Jie (volk)

Uit Wikipedia, de vrije encyclopedie

De Jié (Chinees: 羯; Wade-Giles: Chieh; Middel Chinees: [ki̯at] ) behoorden in de 4e eeuw tot een stam uit Noord-China. Tijdens de Periode van de Zestien Koninkrijken stonden ze bij de Chinezen bekend als een van de vijf barbaren (Wu Hu). Onder Shi Le vestigden ze de Latere Zhao. De Jie werden verslagen door Ran Min in de Wei-Jie oorlog in 350 na Chr. en betekende de val van de Latere Zhao.

Oorsprong[bewerken | brontekst bewerken]

De etniciteit van de Jie is onduidelijk, waarbij sommige wetenschappers een Turkse afkomst suggereren, terwijl nieuwer onderzoek suggereert, dat ze een Jenisejische taal spraken.

  • Volgens het Boek van de Wei (6e eeuw) is de naam Jie afgeleid van het Jiéshì-gebied (羯 室, het huidige district Yushe in de provincie Shanxi), waar de Jie woonden.
  • Volgens het Boek van de Jin maakten de voorouders van Shi Le deel uit van de multi-etnische Xiongnu-stam die bekend staat als Qiāngqú (羌 渠).
  • Anderen beweren dat de Jie een oude Jenisejische sprekende stam waren, verwant aan de Ketten, die tegenwoordig tussen de rivieren de Ob en de Jenisej leven.

Geschiedenis[bewerken | brontekst bewerken]

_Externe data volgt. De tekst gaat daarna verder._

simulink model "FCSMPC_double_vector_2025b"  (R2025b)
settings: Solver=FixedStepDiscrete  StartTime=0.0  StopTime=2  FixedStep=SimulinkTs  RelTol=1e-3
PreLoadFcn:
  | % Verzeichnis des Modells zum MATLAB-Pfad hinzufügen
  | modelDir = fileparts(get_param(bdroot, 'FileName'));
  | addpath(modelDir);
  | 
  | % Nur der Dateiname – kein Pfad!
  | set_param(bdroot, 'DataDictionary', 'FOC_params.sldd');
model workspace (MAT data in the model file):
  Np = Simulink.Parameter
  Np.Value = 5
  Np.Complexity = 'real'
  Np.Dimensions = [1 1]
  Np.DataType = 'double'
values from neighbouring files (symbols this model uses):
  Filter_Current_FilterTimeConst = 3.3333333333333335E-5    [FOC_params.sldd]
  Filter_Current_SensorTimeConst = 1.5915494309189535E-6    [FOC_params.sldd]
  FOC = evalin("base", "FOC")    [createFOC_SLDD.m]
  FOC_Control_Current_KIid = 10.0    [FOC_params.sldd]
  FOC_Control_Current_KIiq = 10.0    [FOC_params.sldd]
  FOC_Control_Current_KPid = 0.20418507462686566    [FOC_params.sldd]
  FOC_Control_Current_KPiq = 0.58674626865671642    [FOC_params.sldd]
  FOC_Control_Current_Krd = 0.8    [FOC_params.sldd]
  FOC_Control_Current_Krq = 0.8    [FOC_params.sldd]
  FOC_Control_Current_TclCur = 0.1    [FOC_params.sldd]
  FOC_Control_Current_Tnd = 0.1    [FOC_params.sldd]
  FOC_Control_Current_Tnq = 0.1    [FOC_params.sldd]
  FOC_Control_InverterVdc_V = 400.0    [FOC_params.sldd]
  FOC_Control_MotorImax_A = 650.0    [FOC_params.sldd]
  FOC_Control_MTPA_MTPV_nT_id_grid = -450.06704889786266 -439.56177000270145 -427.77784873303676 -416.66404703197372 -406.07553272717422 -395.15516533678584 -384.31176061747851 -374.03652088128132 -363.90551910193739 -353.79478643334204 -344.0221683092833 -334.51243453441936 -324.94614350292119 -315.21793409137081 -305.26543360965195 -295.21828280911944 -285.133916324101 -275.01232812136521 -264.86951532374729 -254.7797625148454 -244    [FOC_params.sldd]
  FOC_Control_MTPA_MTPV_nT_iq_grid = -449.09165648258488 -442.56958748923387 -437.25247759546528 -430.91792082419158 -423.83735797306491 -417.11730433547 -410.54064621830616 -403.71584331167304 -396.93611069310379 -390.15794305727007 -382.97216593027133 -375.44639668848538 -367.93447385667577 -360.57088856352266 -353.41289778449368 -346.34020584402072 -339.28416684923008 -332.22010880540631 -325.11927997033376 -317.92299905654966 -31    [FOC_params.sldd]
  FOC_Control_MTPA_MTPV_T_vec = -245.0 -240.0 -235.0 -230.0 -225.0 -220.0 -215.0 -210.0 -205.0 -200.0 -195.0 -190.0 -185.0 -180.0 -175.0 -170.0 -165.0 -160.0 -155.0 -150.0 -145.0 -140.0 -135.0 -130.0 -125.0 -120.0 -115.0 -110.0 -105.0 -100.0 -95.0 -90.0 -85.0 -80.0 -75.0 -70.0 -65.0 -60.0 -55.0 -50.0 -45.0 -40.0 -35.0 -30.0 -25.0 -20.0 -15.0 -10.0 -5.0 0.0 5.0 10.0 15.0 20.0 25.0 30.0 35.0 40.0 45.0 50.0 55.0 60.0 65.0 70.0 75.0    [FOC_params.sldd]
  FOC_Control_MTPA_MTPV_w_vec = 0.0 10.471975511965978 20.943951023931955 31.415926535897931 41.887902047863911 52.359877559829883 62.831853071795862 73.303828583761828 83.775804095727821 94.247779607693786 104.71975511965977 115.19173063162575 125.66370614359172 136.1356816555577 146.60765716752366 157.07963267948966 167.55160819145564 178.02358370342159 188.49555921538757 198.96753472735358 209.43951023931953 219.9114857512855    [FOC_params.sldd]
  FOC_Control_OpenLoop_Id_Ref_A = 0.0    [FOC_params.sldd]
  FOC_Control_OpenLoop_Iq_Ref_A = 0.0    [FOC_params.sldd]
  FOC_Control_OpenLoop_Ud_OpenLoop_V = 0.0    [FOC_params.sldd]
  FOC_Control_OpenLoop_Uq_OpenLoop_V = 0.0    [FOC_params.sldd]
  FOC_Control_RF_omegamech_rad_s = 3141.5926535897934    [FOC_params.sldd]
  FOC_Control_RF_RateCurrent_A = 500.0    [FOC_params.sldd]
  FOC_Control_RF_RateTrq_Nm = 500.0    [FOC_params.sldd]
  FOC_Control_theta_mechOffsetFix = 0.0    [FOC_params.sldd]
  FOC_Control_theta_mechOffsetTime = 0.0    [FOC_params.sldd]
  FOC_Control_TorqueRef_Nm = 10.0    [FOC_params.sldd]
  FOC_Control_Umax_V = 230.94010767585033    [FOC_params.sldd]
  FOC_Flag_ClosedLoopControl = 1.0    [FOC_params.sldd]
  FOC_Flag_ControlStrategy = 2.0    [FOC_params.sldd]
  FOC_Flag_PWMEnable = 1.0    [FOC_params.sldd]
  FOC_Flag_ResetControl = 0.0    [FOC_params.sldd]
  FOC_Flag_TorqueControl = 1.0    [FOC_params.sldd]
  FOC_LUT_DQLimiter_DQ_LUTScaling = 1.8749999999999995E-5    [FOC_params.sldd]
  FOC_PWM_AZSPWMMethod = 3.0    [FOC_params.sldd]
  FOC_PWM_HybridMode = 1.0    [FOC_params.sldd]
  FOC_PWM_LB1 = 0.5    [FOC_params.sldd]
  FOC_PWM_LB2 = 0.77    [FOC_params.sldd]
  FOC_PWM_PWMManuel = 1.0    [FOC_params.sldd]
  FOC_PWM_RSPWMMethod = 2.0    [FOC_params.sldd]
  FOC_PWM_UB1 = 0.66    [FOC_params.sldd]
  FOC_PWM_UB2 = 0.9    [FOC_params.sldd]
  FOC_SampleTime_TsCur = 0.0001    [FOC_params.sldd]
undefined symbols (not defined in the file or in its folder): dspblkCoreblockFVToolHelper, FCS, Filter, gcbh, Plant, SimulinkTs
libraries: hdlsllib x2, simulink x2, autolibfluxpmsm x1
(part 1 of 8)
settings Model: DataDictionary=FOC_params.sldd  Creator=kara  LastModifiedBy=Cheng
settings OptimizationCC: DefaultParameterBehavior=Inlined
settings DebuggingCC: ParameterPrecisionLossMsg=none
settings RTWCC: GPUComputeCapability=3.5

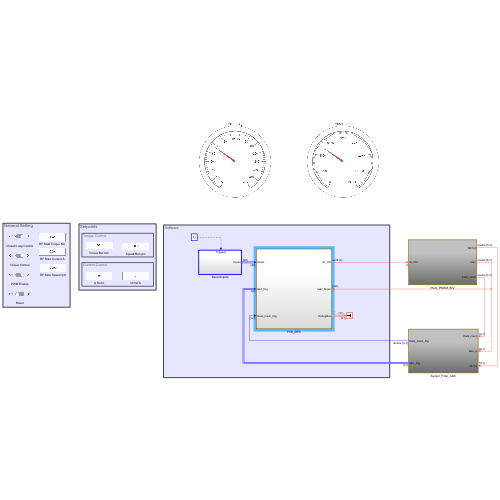
[thumbnail: Simulink's stored preview of the top-level diagram]
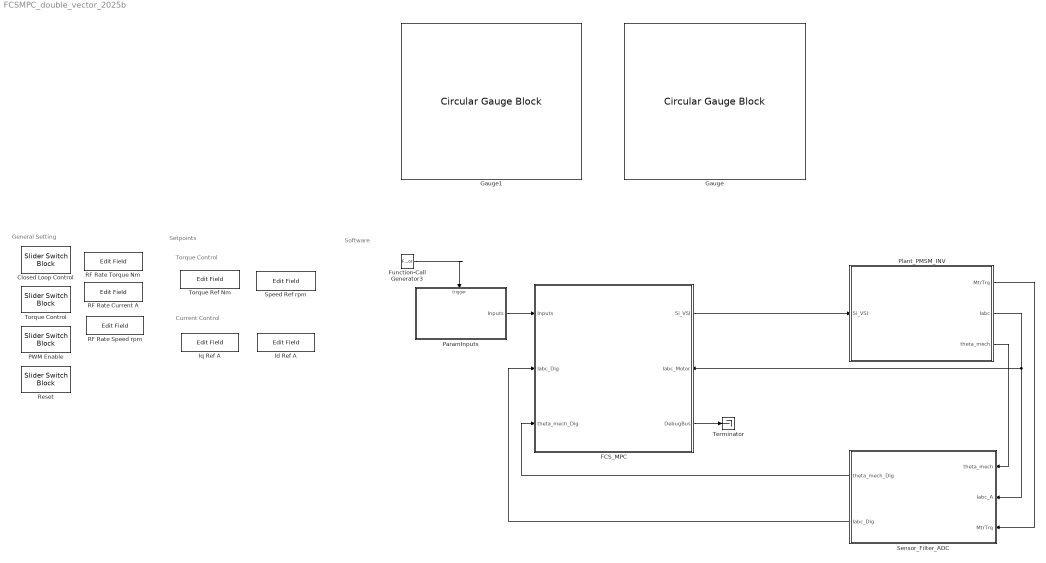
== system FCSMPC_double_vector_2025b ==
  note: Torque Control
  note: Software
  note: Current Control
  note: Setpoints
  note: General Setting
  Closed Loop Control : SliderSwitchBlock  LabelPosition=Hide
  FCS_MPC : Subsystem  VariantControl=AltPWM == 0
      settings: PortSchema="{\"entries\":[{\"content\":{\"sides\":[{\"content\":{\"connectorIds\":[\"In1\",\"In2\",\"In3\"]},\"type\":\"ConnectorPlacement.EquallySpacedRectSide\",\"uuid\":\"afdde33e-e0f4-4c11-9f6e-9de270b36af1\"},{\"content\":{\"connectorIds\":[\"Out1\",\"In4\",\"Out2\"],\"side\":\"RIGHT\"},\"type\":\"ConnectorPlacement.EquallySpacedRectSide\",\"uuid\":\"dc457a92-3b15-47da-9f19-4b6cbe74df3c\"},{\"content\":{\"side\":\"TOP\"},\"type\":\"ConnectorPlacement.EquallySpacedRectSide\",\"uuid\":\"233935a5-ca3c-43d9-bdde-90836d43fbe5\"}]},\"type\":\"ConnectorPlacement.EquallySpacedConnector\",\"uuid\":\"4f8af549-4a57-42d6-b429-a0a6155d0376\"}],\"packageUris\":[\"http://schema.mathworks.com/mf0/Connector/R2020b\"],\"version\":\"1.0\"}"
  Function-Call Generator3 : FunctionCallGenerator  SampleTime=FOC.SampleTime.TsSpeed
  Gauge : CircularGaugeBlock  ScaleMax=16000  FontColor=[0.0, 0.0, 0.0]
  Gauge1 : CircularGaugeBlock  ScaleMax=300  FontColor=[0.0, 0.0, 0.0]
  Id Ref A : EditField  LabelPosition=Hide  ShowInitialText=on  Alignment=Center
  Iq Ref A : EditField  LabelPosition=Hide  ShowInitialText=on  Alignment=Center
  PWM Enable : SliderSwitchBlock  LabelPosition=Hide
  ParamInputs : Subsystem
  Plant_PMSM_INV : Subsystem
  RF Rate Current A : EditField  LabelPosition=Hide  ShowInitialText=on  Alignment=Center
  RF Rate Speed rpm : EditField  LabelPosition=Hide  ShowInitialText=on  Alignment=Center
  RF Rate Torque Nm : EditField  LabelPosition=Hide  ShowInitialText=on  Alignment=Center
  Reset : SliderSwitchBlock  LabelPosition=Hide
  Sensor_Filter_ADC : Subsystem
  Speed Ref rpm : EditField  LabelPosition=Hide  ShowInitialText=on  Alignment=Center
  Terminator : Terminator
  Torque Control : SliderSwitchBlock  LabelPosition=Hide
  Torque Ref Nm : EditField  LabelPosition=Hide  ShowInitialText=on  Alignment=Center
  wires:
  ParamInputs/1(Inputs) -> FCS_MPC/1(Inputs)
  Function-Call Generator3/1 -> ParamInputs/Trigger
  Plant_PMSM_INV/2(Iabc) -> Sensor_Filter_ADC/2(Iabc_A), FCS_MPC/4(Iabc_Motor)
  Plant_PMSM_INV/3(theta_mech) -> Sensor_Filter_ADC/1(theta_mech)
  FCS_MPC/1(Si_VSI) -> Plant_PMSM_INV/1(Si_VSI)
  Sensor_Filter_ADC/1(theta_mech_Dig) -> FCS_MPC/3(theta_mech_Dig)
  Plant_PMSM_INV/1(MtrTrq) -> Sensor_Filter_ADC/3(MtrTrq)
  Sensor_Filter_ADC/2(Iabc_Dig) -> FCS_MPC/2(Iabc_Dig)
  FCS_MPC/2(DebugBus) -> Terminator/1

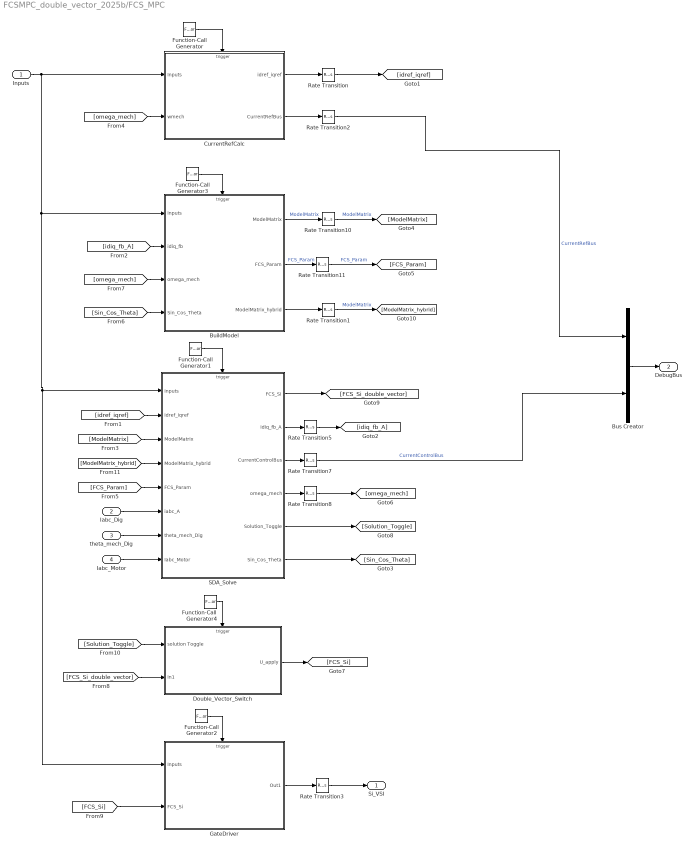
== system FCSMPC_double_vector_2025b/FCS_MPC ==
  Inputs : Inport
  Iabc_Dig : Inport  Port=2
  theta_mech_Dig : Inport  Port=3
  Iabc_Motor : Inport  Port=4
  BuildModel : Subsystem
  Bus Creator : BusCreator  Inputs=2
  CurrentRefCalc : Subsystem
  Double_Vector_Switch : Subsystem
  Function-Call Generator : FunctionCallGenerator  SampleTime=FOC.SampleTime.TsSpeed
  Function-Call Generator1 : FunctionCallGenerator  Priority=1  SampleTime=FCS.Ts_SDA
  Function-Call Generator2 : FunctionCallGenerator  Priority=3  SampleTime=FOC.SampleTime.BSW.DeadTimeSample
  Function-Call Generator3 : FunctionCallGenerator  SampleTime=FCS.Ts_BuildModel
  Function-Call Generator4 : FunctionCallGenerator  Priority=2  SampleTime=FCS.Ts_SDA/2
  GateDriver : Subsystem  TreatAsAtomicUnit=on
  Rate Transition{,1..3,5,7..8,10..11} (9 alike) : RateTransition  Deterministic=off
  SDA_Solve : Subsystem
  Si_VSI : Outport
  DebugBus : Outport  Port=2
  wires:
  Function-Call Generator/1 -> CurrentRefCalc/Trigger
  Function-Call Generator3/1 -> BuildModel/Trigger
  [omega_mech] -> CurrentRefCalc/2(wmech)
  CurrentRefCalc/1(idref_iqref) -> Rate Transition/1
  [idref_iqref] -> SDA_Solve/2(idref_iqref)
  Inputs/1 -> CurrentRefCalc/1(Inputs), GateDriver/1(Inputs), SDA_Solve/1(Inputs), BuildModel/1(Inputs)
  CurrentRefCalc/2(CurrentRefBus) -> Rate Transition2/1
  Bus Creator/1 -> DebugBus/1
  Rate Transition/1 -> [idref_iqref]
  Rate Transition2/1 -> Bus Creator/1  "CurrentRefBus"
  Rate Transition3/1 -> Si_VSI/1
  Function-Call Generator1/1 -> SDA_Solve/Trigger
  Iabc_Dig/1 -> SDA_Solve/6(iabc_A)
  SDA_Solve/2(idiq_fb_A) -> Rate Transition5/1
  Rate Transition5/1 -> [idiq_fb_A]
  [idiq_fb_A] -> BuildModel/2(idiq_fb)
  theta_mech_Dig/1 -> SDA_Solve/7(theta_mech_Dig)
  BuildModel/1(ModelMatrix) -> Rate Transition10/1  "ModelMatrix"
  BuildModel/2(FCS_Param) -> Rate Transition11/1  "FCS_Param"
  [ModelMatrix] -> SDA_Solve/3(ModelMatrix)
  [FCS_Param] -> SDA_Solve/5(FCS_Param)
  SDA_Solve/3(CurrentControlBus) -> Rate Transition7/1
  Rate Transition7/1 -> Bus Creator/2  "CurrentControlBus"
  SDA_Solve/4(omega_mech) -> Rate Transition8/1
  Rate Transition8/1 -> [omega_mech]
  [omega_mech] -> BuildModel/3(omega_mech)
  Rate Transition11/1 -> [FCS_Param]  "FCS_Param"
  Rate Transition10/1 -> [ModelMatrix]  "ModelMatrix"
  Function-Call Generator2/1 -> GateDriver/Trigger
  GateDriver/1(Out1) -> Rate Transition3/1
  [FCS_Si] -> GateDriver/2(FCS_Si)
  Function-Call Generator4/1 -> Double_Vector_Switch/Trigger
  [FCS_Si_double_vector] -> Double_Vector_Switch/2(In1)
  Double_Vector_Switch/1(U_apply) -> [FCS_Si]
  SDA_Solve/1(FCS_Si) -> [FCS_Si_double_vector]
  Iabc_Motor/1 -> SDA_Solve/8(Iabc_Motor)
  SDA_Solve/6(Sin_Cos_Theta) -> [Sin_Cos_Theta]
  [Sin_Cos_Theta] -> BuildModel/4(Sin_Cos_Theta)
  SDA_Solve/5(Solution_Toggle) -> [Solution_Toggle]
  [Solution_Toggle] -> Double_Vector_Switch/1(solution Toggle)
  BuildModel/3(ModelMatrix_hybrid) -> Rate Transition1/1
  Rate Transition1/1 -> [ModelMatrix_hybrid]  "ModelMatrix"
  [ModelMatrix_hybrid] -> SDA_Solve/4(ModelMatrix_hybrid)

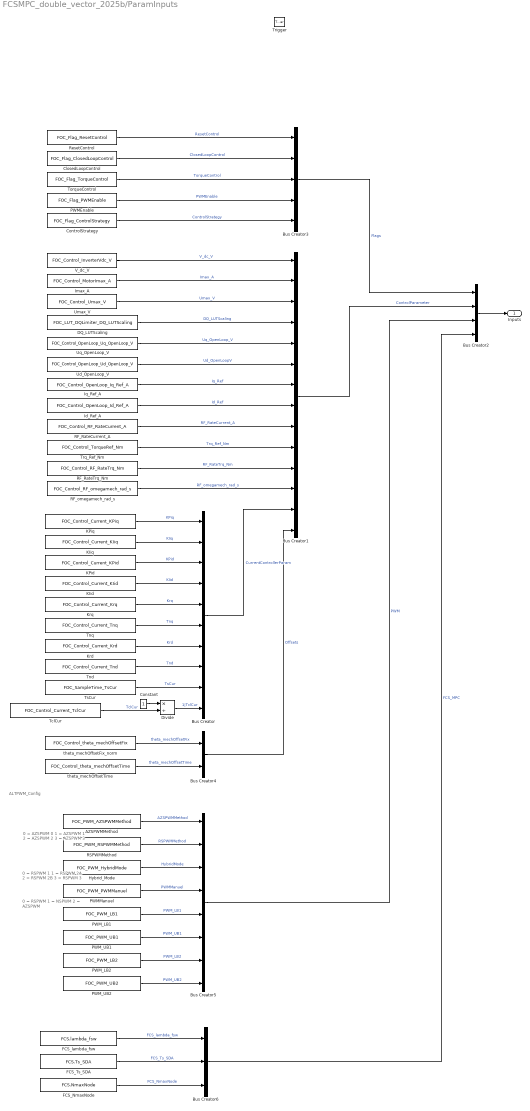
== system FCSMPC_double_vector_2025b/ParamInputs ==
  note: ALTPWM_Config
  note: 0 = RSPWM 1
      | 1 = RSPWM 2A
      | 2 = RSPWM 2B
      | 3 = RSPWM 3
  note: 0 = AZSPWM 0
      | 1 = AZSPWM 1
      | 2 = AZSPWM 2
      | 3 = AZSPWM 3
  note: 0 = RSPWM
      | 1 = NSPWM
      | 2 = AZSPWM
  Trigger : TriggerPort  TriggerType=function-call  VariantControl=(inherit)  SampleTimeType=periodic  SampleTime=FOC.SampleTime.TsSpeed  PortDimensions=1
  AZSPWMMethod : Constant  Value=FOC_PWM_AZSPWMMethod
  Bus Creator : BusCreator  Inputs=10
  Bus Creator1 : BusCreator  Inputs=14
  Bus Creator2 : BusCreator  Inputs=4
  Bus Creator3 : BusCreator  Inputs=5
  Bus Creator4 : BusCreator  Inputs=2
  Bus Creator5 : BusCreator  Inputs=8
  Bus Creator6 : BusCreator  Inputs=3
  ClosedLoopControl : Constant  Value=FOC_Flag_ClosedLoopControl
  Constant : Constant  OutDataTypeStr=SIScaling  SampleTime=-1
  ControlStrategy : Constant  Value=FOC_Flag_ControlStrategy
  DQ_LUTScaling : Constant  Value=FOC_LUT_DQLimiter_DQ_LUTScaling
  Divide : Product  Inputs=*/  OutDataTypeStr=SIScaling
  FCS_NmaxNode : Constant  Value=FCS.NmaxNode
  FCS_Ts_SDA : Constant  Value=FCS.Ts_SDA
  FCS_lambda_fsw : Constant  Value=FCS.lambda_fsw
  Hybrid_Mode : Constant  Value=FOC_PWM_HybridMode
  Id_Ref_A : Constant  Value=FOC_Control_OpenLoop_Id_Ref_A
  Imax_A : Constant  Value=FOC_Control_MotorImax_A
  Iq_Ref_A : Constant  Value=FOC_Control_OpenLoop_Iq_Ref_A
  KIid : Constant  Value=FOC_Control_Current_KIid
  KIiq : Constant  Value=FOC_Control_Current_KIiq
  KPid : Constant  Value=FOC_Control_Current_KPid
  KPiq : Constant  Value=FOC_Control_Current_KPiq
  Krd : Constant  Value=FOC_Control_Current_Krd
  Krq : Constant  Value=FOC_Control_Current_Krq
  PWMEnable : Constant  Value=FOC_Flag_PWMEnable
  PWMManuel : Constant  Value=FOC_PWM_PWMManuel
  PWM_LB1 : Constant  Value=FOC_PWM_LB1
  PWM_LB2 : Constant  Value=FOC_PWM_LB2
  PWM_UB1 : Constant  Value=FOC_PWM_UB1
  PWM_UB2 : Constant  Value=FOC_PWM_UB2
  RF_RateCurrent_A : Constant  Value=FOC_Control_RF_RateCurrent_A
  RF_RateTrq_Nm : Constant  Value=FOC_Control_RF_RateTrq_Nm
  RF_omegamech_rad_s : Constant  Value=FOC_Control_RF_omegamech_rad_s
  RSPWMMethod : Constant  Value=FOC_PWM_RSPWMMethod
  ResetControl : Constant  Value=FOC_Flag_ResetControl
  TclCur : Constant  Value=FOC_Control_Current_TclCur
  Tnd : Constant  Value=FOC_Control_Current_Tnd
  Tnq : Constant  Value=FOC_Control_Current_Tnq
  TorqueControl : Constant  Value=FOC_Flag_TorqueControl
  Trq_Ref_Nm : Constant  Value=FOC_Control_TorqueRef_Nm
  TsCur : Constant  Value=FOC_SampleTime_TsCur
  Ud_OpenLoop_V : Constant  Value=FOC_Control_OpenLoop_Ud_OpenLoop_V
  Umax_V : Constant  Value=FOC_Control_Umax_V
  Uq_OpenLoop_V : Constant  Value=FOC_Control_OpenLoop_Uq_OpenLoop_V
  V_dc_V : Constant  Value=FOC_Control_InverterVdc_V
  theta_mechOffsetFix_norm : Constant  Value=FOC_Control_theta_mechOffsetFix
  theta_mechOffsetTime : Constant  Value=FOC_Control_theta_mechOffsetTime
  Inputs : Outport
  wires:
  Bus Creator2/1 -> Inputs/1
  ClosedLoopControl/1 -> Bus Creator3/2  "ClosedLoopControl"
  TorqueControl/1 -> Bus Creator3/3  "TorqueControl"
  PWMEnable/1 -> Bus Creator3/4  "PWMEnable"
  Bus Creator3/1 -> Bus Creator2/1  "Flags"
  ResetControl/1 -> Bus Creator3/1  "ResetControl"
  ControlStrategy/1 -> Bus Creator3/5  "ControlStrategy"
  Ud_OpenLoop_V/1 -> Bus Creator1/6  "Ud_OpenLoopV"
  Uq_OpenLoop_V/1 -> Bus Creator1/5  "Uq_OpenLoop_V"
  DQ_LUTScaling/1 -> Bus Creator1/4  "DQ_LUTScaling"
  Umax_V/1 -> Bus Creator1/3  "Umax_V"
  Bus Creator1/1 -> Bus Creator2/2  "ControlParameter"
  Iq_Ref_A/1 -> Bus Creator1/7  "Iq_Ref"
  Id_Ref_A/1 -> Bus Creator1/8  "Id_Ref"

In 319 stichtte generaal Shi Le de staat Latere Zhao in Noord-China, die de Vroegere Zhao verdrong. Aan het rijk van Shi Le kwam er in 351 een einde. In de periode tussen 350 en 352, tijdens de Wei-Jie-oorlog, gaf generaal Ran Min het bevel de Jie volledig uit te roeien, die gemakkelijk te herkennen waren aan hoge neuzen en volle baarden, wat leidde tot een groot aantal doden. Volgens sommige bronnen werden meer dan 200.000 van hen gedood. Desondanks zullen de Jie in de komende 200 jaar af en toe in de geschiedenis terug opduiken.